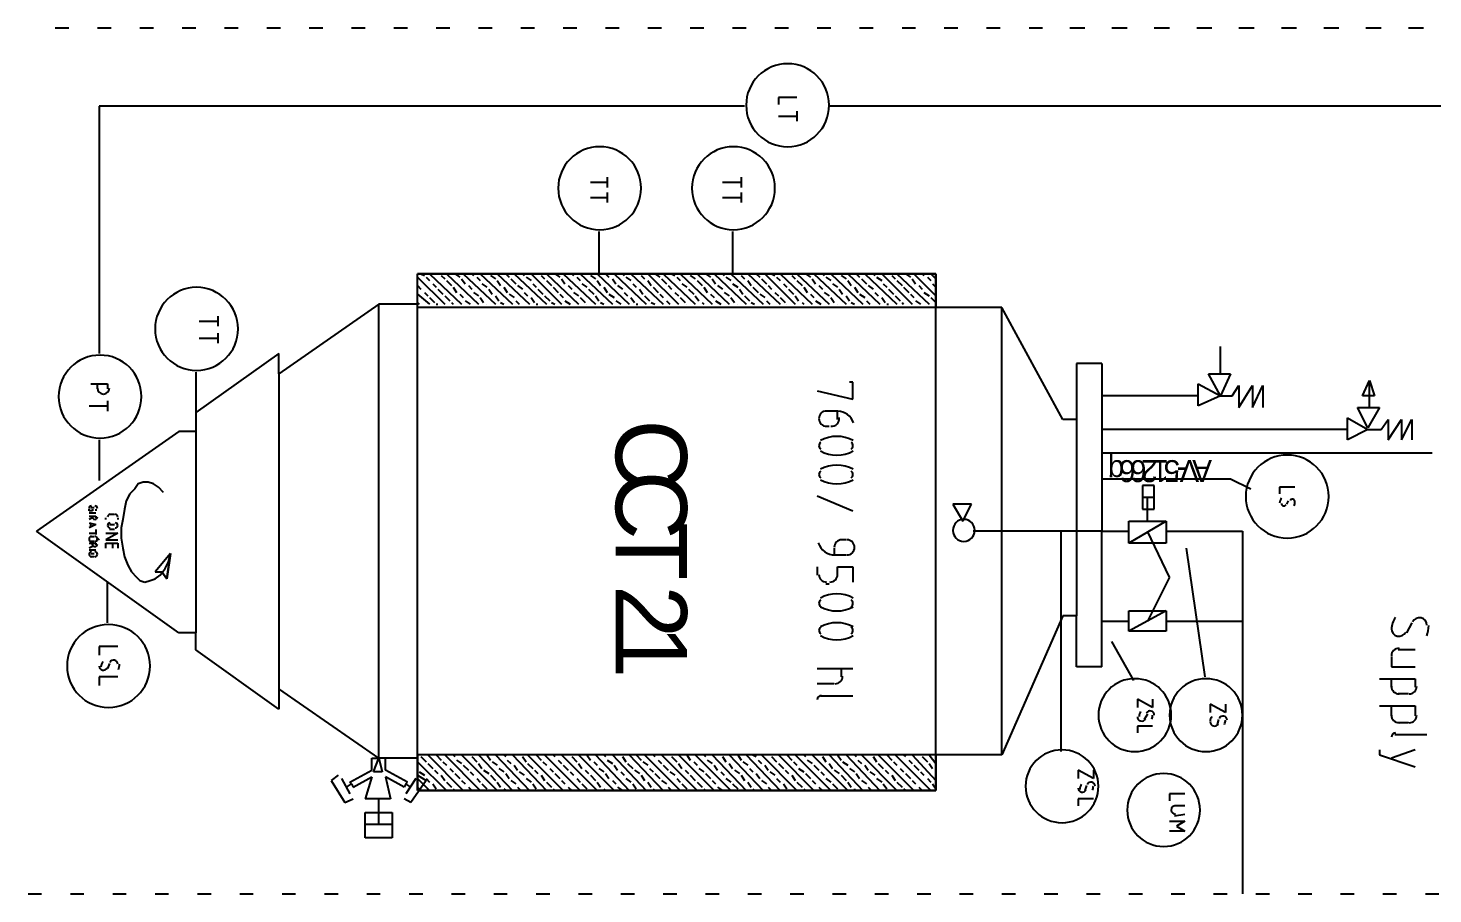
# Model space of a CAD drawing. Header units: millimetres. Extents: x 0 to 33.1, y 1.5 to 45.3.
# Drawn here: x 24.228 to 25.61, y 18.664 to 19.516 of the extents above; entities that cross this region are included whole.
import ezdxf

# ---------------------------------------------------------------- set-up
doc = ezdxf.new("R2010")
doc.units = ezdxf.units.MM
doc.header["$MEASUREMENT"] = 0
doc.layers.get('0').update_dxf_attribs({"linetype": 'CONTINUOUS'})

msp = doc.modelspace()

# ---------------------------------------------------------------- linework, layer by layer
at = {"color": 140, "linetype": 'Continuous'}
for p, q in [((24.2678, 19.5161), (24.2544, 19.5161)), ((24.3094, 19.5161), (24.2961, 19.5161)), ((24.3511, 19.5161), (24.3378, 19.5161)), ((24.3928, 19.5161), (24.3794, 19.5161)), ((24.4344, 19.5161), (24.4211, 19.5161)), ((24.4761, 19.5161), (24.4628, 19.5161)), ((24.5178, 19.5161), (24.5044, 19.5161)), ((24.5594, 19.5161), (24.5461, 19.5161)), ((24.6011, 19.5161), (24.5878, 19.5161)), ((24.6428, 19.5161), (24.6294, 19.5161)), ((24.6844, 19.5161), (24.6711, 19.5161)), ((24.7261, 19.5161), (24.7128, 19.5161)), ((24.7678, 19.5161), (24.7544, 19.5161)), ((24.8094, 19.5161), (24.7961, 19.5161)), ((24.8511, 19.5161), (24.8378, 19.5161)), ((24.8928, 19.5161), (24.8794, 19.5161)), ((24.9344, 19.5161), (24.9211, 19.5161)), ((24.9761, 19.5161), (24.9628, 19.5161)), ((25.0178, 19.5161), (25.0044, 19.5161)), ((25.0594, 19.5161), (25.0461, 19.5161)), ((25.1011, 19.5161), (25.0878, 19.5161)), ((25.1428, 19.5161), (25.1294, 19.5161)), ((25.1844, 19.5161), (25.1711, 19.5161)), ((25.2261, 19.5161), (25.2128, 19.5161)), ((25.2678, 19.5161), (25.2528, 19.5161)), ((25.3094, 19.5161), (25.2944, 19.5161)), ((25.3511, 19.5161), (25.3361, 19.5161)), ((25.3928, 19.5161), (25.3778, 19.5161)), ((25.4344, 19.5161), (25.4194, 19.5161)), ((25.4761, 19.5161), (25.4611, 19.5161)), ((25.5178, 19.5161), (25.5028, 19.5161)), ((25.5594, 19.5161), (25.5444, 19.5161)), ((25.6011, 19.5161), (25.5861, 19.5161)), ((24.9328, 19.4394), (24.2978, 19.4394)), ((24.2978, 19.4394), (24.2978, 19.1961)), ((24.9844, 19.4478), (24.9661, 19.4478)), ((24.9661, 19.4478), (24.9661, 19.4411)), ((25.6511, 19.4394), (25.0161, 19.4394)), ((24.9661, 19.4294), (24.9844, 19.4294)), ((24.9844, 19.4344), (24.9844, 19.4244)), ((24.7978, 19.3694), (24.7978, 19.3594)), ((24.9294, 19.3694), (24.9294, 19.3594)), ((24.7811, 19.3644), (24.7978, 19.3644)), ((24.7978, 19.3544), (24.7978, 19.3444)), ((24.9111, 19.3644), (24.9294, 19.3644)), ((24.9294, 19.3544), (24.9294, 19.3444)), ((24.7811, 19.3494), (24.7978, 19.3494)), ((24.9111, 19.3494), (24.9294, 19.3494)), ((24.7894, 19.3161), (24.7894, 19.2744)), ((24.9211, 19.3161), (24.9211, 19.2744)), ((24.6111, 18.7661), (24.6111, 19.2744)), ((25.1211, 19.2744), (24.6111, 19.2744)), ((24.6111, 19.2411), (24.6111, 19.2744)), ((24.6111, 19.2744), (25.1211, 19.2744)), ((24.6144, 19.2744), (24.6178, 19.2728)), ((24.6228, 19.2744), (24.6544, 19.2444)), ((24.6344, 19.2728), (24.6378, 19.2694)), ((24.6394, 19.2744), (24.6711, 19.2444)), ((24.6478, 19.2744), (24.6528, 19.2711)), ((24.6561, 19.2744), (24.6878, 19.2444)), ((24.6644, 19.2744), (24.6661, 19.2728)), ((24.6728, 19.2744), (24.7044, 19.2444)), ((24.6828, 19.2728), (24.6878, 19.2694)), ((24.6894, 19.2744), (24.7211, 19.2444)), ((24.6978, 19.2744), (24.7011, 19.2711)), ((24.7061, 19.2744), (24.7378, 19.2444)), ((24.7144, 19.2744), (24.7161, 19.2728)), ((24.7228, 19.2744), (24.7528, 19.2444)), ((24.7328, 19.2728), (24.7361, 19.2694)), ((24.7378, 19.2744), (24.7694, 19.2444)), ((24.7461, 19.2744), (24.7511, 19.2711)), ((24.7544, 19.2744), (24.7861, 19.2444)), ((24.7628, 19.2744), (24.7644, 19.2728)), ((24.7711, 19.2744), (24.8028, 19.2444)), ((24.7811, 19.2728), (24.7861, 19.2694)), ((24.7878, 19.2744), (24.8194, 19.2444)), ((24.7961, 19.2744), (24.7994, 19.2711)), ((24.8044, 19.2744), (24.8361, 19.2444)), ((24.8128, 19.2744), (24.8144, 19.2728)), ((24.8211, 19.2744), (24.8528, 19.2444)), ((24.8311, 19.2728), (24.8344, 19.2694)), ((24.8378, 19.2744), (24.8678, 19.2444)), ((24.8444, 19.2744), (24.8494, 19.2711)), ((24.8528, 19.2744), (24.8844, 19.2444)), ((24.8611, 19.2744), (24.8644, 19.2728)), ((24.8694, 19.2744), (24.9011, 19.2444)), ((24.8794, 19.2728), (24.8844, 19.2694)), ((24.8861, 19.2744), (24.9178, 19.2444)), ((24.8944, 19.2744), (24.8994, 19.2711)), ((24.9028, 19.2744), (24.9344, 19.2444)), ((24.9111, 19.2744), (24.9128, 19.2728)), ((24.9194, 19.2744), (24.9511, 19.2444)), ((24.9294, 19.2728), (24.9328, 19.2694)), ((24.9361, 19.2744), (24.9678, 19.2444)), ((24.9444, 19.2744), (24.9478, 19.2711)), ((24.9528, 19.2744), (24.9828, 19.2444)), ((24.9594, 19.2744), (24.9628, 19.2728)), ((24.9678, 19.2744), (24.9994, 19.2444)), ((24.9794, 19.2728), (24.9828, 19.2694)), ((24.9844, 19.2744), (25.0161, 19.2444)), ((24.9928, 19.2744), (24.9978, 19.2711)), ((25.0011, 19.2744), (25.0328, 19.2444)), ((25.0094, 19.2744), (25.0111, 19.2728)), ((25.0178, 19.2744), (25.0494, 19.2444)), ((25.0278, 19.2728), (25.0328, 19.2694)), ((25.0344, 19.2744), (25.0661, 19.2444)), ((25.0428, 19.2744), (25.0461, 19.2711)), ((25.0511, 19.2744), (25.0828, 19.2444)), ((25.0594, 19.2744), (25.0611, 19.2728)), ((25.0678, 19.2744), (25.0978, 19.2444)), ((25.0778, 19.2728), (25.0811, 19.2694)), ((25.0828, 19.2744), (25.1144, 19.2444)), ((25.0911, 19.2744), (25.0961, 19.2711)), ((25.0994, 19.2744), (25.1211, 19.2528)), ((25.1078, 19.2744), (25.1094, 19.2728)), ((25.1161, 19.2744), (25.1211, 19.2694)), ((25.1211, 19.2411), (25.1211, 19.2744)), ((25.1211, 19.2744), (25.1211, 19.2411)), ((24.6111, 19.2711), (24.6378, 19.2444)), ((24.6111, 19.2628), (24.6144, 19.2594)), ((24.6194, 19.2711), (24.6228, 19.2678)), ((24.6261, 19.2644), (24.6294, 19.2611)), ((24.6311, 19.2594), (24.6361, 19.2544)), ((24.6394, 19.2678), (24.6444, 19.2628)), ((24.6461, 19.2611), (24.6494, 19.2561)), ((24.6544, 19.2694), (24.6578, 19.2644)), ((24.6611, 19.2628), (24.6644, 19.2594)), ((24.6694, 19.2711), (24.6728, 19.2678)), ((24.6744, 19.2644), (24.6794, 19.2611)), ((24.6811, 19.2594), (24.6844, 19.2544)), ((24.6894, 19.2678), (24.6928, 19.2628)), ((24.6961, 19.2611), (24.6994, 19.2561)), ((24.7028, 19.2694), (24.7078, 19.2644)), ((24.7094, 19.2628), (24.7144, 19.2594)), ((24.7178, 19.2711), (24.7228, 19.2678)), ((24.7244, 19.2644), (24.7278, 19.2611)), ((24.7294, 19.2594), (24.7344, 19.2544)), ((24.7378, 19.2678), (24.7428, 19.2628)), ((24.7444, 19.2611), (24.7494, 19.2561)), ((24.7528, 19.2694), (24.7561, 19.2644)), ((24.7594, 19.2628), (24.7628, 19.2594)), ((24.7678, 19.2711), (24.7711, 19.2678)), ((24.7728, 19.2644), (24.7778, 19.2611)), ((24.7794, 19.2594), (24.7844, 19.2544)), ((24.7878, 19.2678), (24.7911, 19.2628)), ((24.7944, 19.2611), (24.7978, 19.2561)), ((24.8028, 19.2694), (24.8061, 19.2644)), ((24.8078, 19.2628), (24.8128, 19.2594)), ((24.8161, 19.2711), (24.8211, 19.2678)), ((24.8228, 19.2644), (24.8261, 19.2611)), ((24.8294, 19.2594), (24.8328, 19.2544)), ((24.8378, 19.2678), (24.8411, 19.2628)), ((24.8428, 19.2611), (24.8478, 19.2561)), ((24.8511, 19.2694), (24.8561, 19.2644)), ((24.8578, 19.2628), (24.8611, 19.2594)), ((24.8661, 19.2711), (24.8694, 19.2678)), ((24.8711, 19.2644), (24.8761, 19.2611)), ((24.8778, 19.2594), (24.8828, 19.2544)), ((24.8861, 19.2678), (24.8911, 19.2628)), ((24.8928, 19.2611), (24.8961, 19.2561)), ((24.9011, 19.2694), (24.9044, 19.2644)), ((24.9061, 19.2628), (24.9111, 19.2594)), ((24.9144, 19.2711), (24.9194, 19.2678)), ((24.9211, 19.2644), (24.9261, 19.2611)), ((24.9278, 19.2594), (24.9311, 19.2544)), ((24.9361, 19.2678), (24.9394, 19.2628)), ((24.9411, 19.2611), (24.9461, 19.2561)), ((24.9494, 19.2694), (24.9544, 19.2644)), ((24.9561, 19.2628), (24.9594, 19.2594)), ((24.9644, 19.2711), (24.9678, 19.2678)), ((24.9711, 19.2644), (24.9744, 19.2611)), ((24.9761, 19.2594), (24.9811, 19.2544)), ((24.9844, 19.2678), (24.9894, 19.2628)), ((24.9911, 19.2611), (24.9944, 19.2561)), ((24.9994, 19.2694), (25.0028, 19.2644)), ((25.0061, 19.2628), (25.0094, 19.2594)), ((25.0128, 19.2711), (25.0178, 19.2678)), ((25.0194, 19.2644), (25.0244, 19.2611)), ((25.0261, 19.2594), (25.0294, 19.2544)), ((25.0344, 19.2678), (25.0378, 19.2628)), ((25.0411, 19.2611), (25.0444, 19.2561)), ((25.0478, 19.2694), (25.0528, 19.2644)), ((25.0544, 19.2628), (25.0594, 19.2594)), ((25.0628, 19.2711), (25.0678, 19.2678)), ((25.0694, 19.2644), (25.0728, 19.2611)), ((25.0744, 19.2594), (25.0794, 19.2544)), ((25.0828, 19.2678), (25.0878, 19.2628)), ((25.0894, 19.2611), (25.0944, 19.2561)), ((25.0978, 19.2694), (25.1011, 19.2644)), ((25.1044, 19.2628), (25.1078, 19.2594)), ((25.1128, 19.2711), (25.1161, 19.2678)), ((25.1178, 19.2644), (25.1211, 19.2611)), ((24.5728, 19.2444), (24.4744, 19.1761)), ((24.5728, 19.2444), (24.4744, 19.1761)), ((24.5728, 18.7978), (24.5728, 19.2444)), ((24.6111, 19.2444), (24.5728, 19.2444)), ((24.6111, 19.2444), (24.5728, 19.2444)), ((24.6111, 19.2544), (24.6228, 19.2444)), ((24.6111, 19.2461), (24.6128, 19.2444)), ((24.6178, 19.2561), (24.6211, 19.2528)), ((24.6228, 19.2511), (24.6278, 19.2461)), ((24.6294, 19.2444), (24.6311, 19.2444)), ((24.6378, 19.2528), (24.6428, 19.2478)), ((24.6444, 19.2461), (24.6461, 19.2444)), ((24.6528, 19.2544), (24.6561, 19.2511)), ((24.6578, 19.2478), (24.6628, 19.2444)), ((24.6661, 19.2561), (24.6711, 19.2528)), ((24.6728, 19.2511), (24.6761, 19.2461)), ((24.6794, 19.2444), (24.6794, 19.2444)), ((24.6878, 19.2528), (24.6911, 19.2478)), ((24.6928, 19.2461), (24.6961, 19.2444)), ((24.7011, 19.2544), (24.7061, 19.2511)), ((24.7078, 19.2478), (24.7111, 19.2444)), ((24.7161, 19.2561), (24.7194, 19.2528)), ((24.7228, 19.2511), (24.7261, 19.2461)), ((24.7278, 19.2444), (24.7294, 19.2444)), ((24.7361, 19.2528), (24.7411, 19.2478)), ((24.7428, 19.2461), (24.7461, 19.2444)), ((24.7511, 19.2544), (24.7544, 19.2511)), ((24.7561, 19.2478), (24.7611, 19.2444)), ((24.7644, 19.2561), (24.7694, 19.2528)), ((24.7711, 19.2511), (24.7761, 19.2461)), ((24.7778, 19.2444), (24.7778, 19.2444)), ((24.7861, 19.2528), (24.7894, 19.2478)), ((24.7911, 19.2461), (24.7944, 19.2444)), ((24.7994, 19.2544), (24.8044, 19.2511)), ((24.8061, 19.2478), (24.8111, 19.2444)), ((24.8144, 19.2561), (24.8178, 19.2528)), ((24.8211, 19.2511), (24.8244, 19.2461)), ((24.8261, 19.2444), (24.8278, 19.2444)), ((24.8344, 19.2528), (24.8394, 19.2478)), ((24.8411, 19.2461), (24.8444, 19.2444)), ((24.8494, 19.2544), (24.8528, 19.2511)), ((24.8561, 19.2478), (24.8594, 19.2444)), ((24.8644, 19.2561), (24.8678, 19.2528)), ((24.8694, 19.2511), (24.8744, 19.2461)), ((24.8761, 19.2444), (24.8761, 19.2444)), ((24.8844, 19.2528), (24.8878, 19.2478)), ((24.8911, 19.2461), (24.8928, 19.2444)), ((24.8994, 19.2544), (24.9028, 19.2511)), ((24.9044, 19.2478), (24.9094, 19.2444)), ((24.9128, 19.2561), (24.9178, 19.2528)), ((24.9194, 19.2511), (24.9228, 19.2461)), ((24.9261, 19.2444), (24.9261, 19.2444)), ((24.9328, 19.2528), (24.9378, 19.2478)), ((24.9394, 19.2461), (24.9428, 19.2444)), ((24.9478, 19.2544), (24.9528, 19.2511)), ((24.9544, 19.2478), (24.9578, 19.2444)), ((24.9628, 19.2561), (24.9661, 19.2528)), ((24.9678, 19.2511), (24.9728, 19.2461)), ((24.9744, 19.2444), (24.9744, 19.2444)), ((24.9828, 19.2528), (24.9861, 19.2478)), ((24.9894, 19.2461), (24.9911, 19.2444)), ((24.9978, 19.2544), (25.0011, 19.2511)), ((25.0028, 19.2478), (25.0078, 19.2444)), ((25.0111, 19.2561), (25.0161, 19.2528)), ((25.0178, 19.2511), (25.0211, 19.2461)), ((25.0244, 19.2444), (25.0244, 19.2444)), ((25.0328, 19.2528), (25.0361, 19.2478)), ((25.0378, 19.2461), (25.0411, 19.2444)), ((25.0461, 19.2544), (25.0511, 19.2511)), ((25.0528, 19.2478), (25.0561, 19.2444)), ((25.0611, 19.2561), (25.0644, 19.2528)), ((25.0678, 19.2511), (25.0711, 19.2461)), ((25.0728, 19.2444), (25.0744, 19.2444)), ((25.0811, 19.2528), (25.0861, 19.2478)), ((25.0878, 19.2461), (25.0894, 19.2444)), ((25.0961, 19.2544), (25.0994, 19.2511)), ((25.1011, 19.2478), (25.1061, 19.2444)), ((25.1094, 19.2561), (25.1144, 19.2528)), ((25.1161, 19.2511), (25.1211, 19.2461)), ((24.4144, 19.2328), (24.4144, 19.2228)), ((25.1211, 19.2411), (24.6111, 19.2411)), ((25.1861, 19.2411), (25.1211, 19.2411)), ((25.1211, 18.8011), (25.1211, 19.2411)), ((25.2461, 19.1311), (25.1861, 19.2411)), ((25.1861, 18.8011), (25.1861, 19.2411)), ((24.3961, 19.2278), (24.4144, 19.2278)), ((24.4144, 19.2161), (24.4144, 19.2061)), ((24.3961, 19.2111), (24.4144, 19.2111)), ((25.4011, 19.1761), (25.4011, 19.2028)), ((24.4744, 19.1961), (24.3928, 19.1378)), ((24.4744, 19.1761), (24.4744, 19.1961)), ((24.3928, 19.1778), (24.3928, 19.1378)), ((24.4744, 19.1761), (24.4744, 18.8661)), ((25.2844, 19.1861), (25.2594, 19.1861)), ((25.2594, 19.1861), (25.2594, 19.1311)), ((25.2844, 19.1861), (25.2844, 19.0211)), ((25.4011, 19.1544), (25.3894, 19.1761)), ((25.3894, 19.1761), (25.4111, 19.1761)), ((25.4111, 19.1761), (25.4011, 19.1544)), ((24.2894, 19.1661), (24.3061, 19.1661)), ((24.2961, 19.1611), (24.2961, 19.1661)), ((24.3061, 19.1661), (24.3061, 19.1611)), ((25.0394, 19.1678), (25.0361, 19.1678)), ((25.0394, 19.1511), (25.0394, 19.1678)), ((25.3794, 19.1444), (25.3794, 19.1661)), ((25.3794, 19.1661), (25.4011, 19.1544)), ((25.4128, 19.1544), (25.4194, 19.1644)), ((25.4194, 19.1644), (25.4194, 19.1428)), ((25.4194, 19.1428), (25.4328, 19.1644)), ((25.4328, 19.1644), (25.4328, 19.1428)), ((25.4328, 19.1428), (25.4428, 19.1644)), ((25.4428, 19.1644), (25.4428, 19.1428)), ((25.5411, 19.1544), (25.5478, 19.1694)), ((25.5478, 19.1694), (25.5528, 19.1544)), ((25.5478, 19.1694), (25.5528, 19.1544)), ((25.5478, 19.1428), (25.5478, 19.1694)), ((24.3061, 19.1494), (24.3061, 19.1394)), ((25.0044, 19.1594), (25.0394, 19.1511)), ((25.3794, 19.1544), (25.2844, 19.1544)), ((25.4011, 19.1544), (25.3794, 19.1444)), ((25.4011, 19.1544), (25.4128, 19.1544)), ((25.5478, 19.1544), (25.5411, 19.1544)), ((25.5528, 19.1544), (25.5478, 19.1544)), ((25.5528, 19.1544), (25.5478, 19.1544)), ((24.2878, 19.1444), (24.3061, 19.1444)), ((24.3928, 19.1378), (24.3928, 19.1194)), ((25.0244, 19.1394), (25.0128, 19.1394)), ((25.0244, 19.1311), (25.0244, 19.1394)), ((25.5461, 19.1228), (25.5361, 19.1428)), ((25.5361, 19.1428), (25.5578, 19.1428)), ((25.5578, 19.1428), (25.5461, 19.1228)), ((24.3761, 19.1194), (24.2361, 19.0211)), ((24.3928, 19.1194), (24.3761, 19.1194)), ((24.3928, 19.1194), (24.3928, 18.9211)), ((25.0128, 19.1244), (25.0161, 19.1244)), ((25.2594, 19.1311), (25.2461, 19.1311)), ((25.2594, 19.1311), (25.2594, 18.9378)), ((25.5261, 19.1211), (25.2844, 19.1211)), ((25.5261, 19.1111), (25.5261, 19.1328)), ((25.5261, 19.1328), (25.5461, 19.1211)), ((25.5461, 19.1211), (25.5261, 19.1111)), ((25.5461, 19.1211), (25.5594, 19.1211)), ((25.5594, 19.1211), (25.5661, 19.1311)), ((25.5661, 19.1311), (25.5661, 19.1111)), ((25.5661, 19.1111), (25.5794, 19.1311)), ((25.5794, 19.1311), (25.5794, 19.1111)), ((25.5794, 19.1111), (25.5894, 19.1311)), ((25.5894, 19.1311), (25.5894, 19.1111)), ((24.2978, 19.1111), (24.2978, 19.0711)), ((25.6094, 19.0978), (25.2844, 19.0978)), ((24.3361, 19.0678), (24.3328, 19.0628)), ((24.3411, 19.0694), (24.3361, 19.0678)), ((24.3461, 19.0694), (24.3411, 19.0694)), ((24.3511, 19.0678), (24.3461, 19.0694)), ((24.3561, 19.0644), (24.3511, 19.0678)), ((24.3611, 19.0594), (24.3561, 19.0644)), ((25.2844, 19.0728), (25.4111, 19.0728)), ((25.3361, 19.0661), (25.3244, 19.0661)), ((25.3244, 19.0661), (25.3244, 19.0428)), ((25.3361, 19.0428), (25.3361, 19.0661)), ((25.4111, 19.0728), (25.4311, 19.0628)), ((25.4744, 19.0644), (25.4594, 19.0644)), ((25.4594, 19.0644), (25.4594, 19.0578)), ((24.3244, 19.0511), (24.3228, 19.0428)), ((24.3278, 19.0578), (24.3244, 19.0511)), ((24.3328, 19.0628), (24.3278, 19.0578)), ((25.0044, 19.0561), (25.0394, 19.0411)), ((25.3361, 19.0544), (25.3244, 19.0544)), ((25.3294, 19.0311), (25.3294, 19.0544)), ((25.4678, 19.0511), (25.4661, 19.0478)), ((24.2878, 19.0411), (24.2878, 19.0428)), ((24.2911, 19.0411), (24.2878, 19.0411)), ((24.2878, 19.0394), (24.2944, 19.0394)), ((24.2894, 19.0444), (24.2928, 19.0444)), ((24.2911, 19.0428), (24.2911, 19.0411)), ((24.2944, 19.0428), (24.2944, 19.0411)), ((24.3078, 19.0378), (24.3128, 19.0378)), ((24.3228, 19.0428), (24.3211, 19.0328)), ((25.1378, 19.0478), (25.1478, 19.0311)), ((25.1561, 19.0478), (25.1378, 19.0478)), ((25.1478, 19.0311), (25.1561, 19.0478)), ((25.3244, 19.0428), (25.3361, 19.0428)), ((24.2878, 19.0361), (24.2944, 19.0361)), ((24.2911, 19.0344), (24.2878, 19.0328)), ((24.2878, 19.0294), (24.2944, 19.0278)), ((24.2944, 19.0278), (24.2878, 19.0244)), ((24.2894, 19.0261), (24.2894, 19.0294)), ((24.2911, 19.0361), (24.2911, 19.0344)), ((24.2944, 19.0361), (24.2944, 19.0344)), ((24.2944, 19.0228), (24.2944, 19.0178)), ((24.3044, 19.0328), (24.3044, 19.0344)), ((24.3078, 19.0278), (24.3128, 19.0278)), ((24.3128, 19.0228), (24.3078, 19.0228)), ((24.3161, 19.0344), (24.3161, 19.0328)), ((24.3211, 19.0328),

********************

[TASK TO CARRY OUT]: Copy out all lines of the listing above that include "ezdxf".

[SOLVED PROBLEM]:
import ezdxf
doc = ezdxf.new("R2010")
doc.units = ezdxf.units.MM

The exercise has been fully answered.